Si le cinéphile aura reconnu les références aux courts de François Ozon, il sera peut-être tenté par d’autres. Ainsi Les amours imaginaires (Xavier Dolan, 2010) et la relation triangulaire entre Francis, Marie et Nicolas. On y retrouverait respectivement Alex, Kate et David et, plus particulièrement l’ambiguïté de Nicolas/David, d’une part, et de son investissement aux antipodes de celui de Francis/Alex et de sa perception de l’Autre !

Quand on a 17 ans, déjà cité reviendra probablement à la mémoire, à la fois pour l’âge des protagonistes que pour la réaction d’une mère (songeant ainsi à Mme Gorman, jouée par Valeria Bruni Tedeschi), de même que Call Me by Your Name, pour un amour d’été que le cadet voudrait éternel au contraire de l’ainé, film également adapté d’un roman. Tout comme Elio, Alex aime, un point c’est tout, et cet amour est éternel et les promesses, pour insensées qu’elles soient, doivent être tenues (pour faire le deuil ?). Et, pour avoir revu récemment Crash de David Cronenberg en version restaurée, ce film peut venir à l’esprit lorsque David parle de la différence entre « aller vite » et « la vitesse » et de son rêve de voir l’un et l’autre se rejoindre !

La bande originale du film signée des années ’80 : In Between Days (The Cure) ; Chercher le garçon (Taxi Girl) ; Toute première fois (Jeanne Mas) ou Cruel Summer (Bananarama) ajoute à l’ambiance du film en le plaçant dans le contexte de ces années-là. Et tout particulièrement Sailing chanté par Rod Stewart à deux moments du film, la scène de dancing d’abord et LA scène-clé enfin peut faire penser au rôle que joue My Way dans une des scènes clé de Nocturama de Bertrand Bonello. A noter que dans le roman, la danse du coucou (ici transposée par Sailing) fait référence au générique de Laurel et Hardy qui fait « tik tak tok » qui est importante, et ressemble à un coucou (source).
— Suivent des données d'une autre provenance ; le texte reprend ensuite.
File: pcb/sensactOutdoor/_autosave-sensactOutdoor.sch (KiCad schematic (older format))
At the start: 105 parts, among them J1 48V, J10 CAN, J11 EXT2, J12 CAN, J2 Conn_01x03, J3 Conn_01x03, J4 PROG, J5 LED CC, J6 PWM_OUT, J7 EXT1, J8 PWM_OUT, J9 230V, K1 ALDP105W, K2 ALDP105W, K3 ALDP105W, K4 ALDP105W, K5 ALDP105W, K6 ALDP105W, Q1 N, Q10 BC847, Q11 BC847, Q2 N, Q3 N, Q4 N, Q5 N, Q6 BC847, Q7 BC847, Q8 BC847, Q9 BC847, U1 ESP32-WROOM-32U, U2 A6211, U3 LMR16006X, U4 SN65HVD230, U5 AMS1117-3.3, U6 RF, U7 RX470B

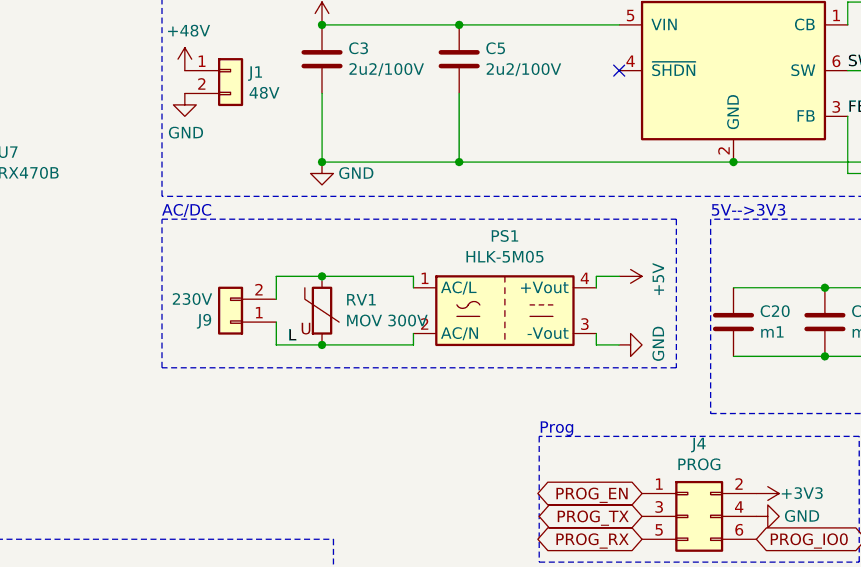
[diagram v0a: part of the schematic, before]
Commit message: added fuse , optimized routing
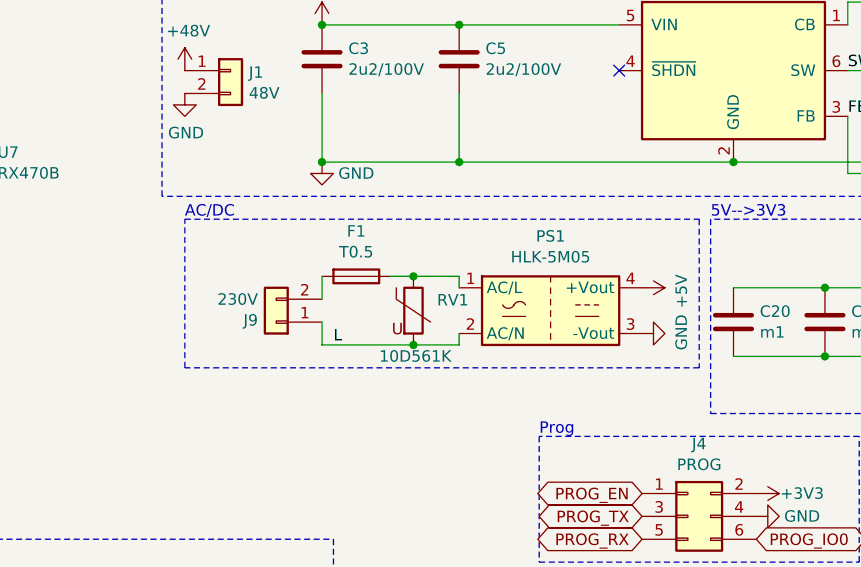
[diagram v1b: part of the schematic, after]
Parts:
- added F1: T0.5, Fuse:Fuse_Littelfuse_372_D8.50mm, symbol Device:Fuse
- RV1: value MOV 300V -> 10D561K; footprint Varistor:RV_Disc_D21.5mm_W5.8mm_P10mm -> Varistor:RV_Disc_D12mm_W6.1mm_P7.5mm
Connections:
- net at PS1.1 (AC/L), RV1.1: now also F1.1; no longer J9.2 (Pin_2)
- new net: F1.2, J9.2 (Pin_2)
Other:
- moved on the sheet: J9, PS1, RV1
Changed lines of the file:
@@
 L Converter_ACDC:HLK-PM01 PS1
 U 1 1 605A8DCF
-P 7100 3350
-F 0 "PS1" H 7100 3675 50  0000 C CNN
-F 1 "HLK-5M05" H 7100 3584 50  0000 C CNN
-F 2 "liebler_MODULES:CONV_HLK-5M05" H 7100 3050 50  0001 C CNN
-F 3 "http://www.hlktech.net/product_detail.php?ProId=54" H 7500 3000 50  0001 C CNN
-	1    7100 3350
+P 7300 3350
+F 0 "PS1" H 7300 3675 50  0000 C CNN
+F 1 "HLK-5M05" H 7300 3584 50  0000 C CNN
+F 2 "liebler_MODULES:CONV_HLK-5M05" H 7300 3050 50  0001 C CNN
+F 3 "http://www.hlktech.net/product_detail.php?ProId=54" H 7700 3000 50  0001 C CNN
+	1    7300 3350
 	1    0    0    -1
 $EndComp
@@
 L Device:Varistor RV1
 U 1 1 605A9FDB
-P 6300 3350
-F 0 "RV1" H 6403 3396 50  0000 L CNN
-F 1 "MOV 300V" H 6403 3305 50  0000 L CNN
-F 2 "Varistor:RV_Disc_D21.5mm_W5.8mm_P10mm" V 6230 3350 50  0001 C CNN
-F 3 "~" H 6300 3350 50  0001 C CNN
-	1    6300 3350
+P 6700 3350
+F 0 "RV1" H 6803 3396 50  0000 L CNN
+F 1 "10D561K" H 6550 3150 50  0000 L CNN
+F 2 "Varistor:RV_Disc_D12mm_W6.1mm_P7.5mm" V 6630 3350 50  0001 C CNN
+F 3 "~" H 6700 3350 50  0001 C CNN
+	1    6700 3350
 	1    0    0    -1
 $EndComp
@@
 L Connector_Generic:Conn_01x02 J9
 U 1 1 605AF4E9
-P 5900 3400
-F 0 "J9" H 5980 3392 50  0000 L CNN
-F 1 "230V" H 5980 3301 50  0000 L CNN
-F 2 "Connector_Phoenix_GMSTB:PhoenixContact_GMSTBVA_2,5_2-G-7,62_1x02_P7.62mm_Vertical" H 5900 3400 50  0001 C CNN
-F 3 "~" H 5900 3400 50  0001 C CNN
-	1    5900 3400
+P 6100 3400
+F 0 "J9" H 6180 3392 50  0000 L CNN
+F 1 "230V" H 6180 3301 50  0000 L CNN
+F 2 "Connector_Phoenix_GMSTB:PhoenixContact_GMSTBVA_2,5_2-G-7,62_1x02_P7.62mm_Vertical" H 6100 3400 50  0001 C CNN
+F 3 "~" H 6100 3400 50  0001 C CNN
+	1    6100 3400
 	-1   0    0    1
 $EndComp
 Wire Wire Line
-	6300 3200 6100 3200
-Wire Wire Line
-	6100 3200 6100 3300
-Wire Wire Line
-	6100 3400 6100 3500
-Wire Wire Line
-	6100 3500 6300 3500
-Wire Wire Line
-	6300 3200 6700 3200
-Wire Wire Line
-	6700 3200 6700 3250
-Connection ~ 6300 3200
+	6300 3200 6300 3300
+Wire Wire Line
+	6300 3400 6300 3500
 Wire Wire Line
 	6300 3500 6700 3500
 Wire Wire Line
-	6700 3500 6700 3450
-Connection ~ 6300 3500
+	6700 3200 6900 3200
+Wire Wire Line
+	6900 3200 6900 3250
+Wire Wire Line
+	6700 3500 6900 3500
+Wire Wire Line
+	6900 3500 6900 3450
+Connection ~ 6700 3500
 $Comp
 L power:+5V #PWR037
 U 1 1 605C7455
-P 7600 3200
-F 0 "#PWR037" H 7600 3050 50  0001 C CNN
-F 1 "+5V" H 7615 3373 50  0000 C CNN
-F 2 "" H 7600 3200 50  0001 C CNN
-F 3 "" H 7600 3200 50  0001 C CNN
-	1    7600 3200
+P 7700 3250
+F 0 "#PWR037" H 7700 3100 50  0001 C CNN
+F 1 "+5V" H 7715 3423 50  0000 C CNN
+F 2 "" H 7700 3250 50  0001 C CNN
+F 3 "" H 7700 3250 50  0001 C CNN
+	1    7700 3250
 	0    1    1    0
 $EndComp
@@
 L power:GND #PWR038
 U 1 1 605C7B08
-P 7600 3500
-F 0 "#PWR038" H 7600 3250 50  0001 C CNN
-F 1 "GND" H 7605 3327 50  0000 C CNN
-F 2 "" H 7600 3500 50  0001 C CNN
-F 3 "" H 7600 3500 50  0001 C CNN
-	1    7600 3500
-	0    -1   -1   0
-$EndComp
-Text Label 6150 3500 0    50   ~ 0
+P 7700 3450
+F 0 "#PWR038" H 7700 3200 50  0001 C CNN
+F 1 "GND" H 7705 3277 50  0000 C CNN
+F 2 "" H 7700 3450 50  0001 C CNN
+F 3 "" H 7700 3450 50  0001 C CNN
+	1    7700 3450
+	0    -1   -1   0
+$EndComp
+Text Label 6350 3500 0    50   ~ 0
 L
 Text Label 2400 3500 0    50   ~ 0
@@
 Text Label 3500 2100 3    50   ~ 0
 LED_CC-
-Wire Wire Line
-	7600 3200 7500 3200
-Wire Wire Line
-	7500 3200 7500 3250
-Wire Wire Line
-	7500 3450 7500 3500
-Wire Wire Line
-	7500 3500 7600 3500
 $Comp
 L RF:NRF24L01_Breakout U6
@@
 I2C Extension
 Wire Notes Line
-	7850 3600 5600 3600
-Wire Notes Line
-	5600 3600 5600 2950
-Wire Notes Line
-	5600 2950 7850 2950
-Wire Notes Line
-	7850 2950 7850 3600
-Text Notes 5600 2950 0    50   ~ 0
+	7950 3600 5700 3600
+Wire Notes Line
+	5700 3600 5700 2950
+Wire Notes Line
+	5700 2950 7950 2950
+Wire Notes Line
+	7950 2950 7950 3600
+Text Notes 5700 2950 0    50   ~ 0
 AC/DC
 Wire Notes Line
@@
 	4600 2700 4600 2750
 Connection ~ 4600 2700
+$Comp
+L Device:Fuse F1
+U 1 1 60502385
+P 6450 3200
+F 0 "F1" V 6253 3200 50  0000 C CNN
+F 1 "T0.5" V 6344 3200 50  0000 C CNN
+F 2 "Fuse:Fuse_Littelfuse_372_D8.50mm" V 6380 3200 50  0001 C CNN
+F 3 "~" H 6450 3200 50  0001 C CNN
+	1    6450 3200
+	0    1    1    0
+$EndComp
+Wire Wire Line
+	6700 3200 6600 3200
+Connection ~ 6700 3200
 $EndSCHEMATC

Enfin, le cinéphile appréciera de retrouver le grain de la pellicule, d’autant plus prégnant que le film est tourné en Super 16. Dans le cas présent, il ne s’agit pas de pure coquetterie, mais de retrouver à la fois l’époque de l’action, mais également le charme désuet de vacances, de ces six semaines où l’imaginaire fait que l’autre que je rêve n’est pas lui ! Mais n’est-ce pas une constante qui enrichit et empoisonne l’Amour d’une même geste !?

Lien vers la critique de Julien

 Affiche et bande-annonce

https://www.youtube.com/embed/JLaZBRT6Ev4
ÉTÉ 85 Bande Annonce (2020) François Ozon, Film Français - YouTube

 Entretien avec François 0zon et Félix Lefèbvre

https://www.youtube.com/embed/-gPgvvrLjVI
ÉTÉ 85 : Entretien avec FRANÇOIS OZON & FÉLIX LEFEBVRE - YouTube

 Pour le fun : un ’blind test’...

avec Benjamin Voisin, Félix Lefebvre & Philippine Velge sur la chaine Youtube horssceneofficiel :

https://www.youtube.com/embed/-RdafMXnd0A
#OZON "Été 85" Benjamin Voisin, Félix Lefebvre & Philippine Velge • Blind test 1985 - YouTube

 L’action... en mode érudition !


L’action et ses conséquences selon Hannah Arendt !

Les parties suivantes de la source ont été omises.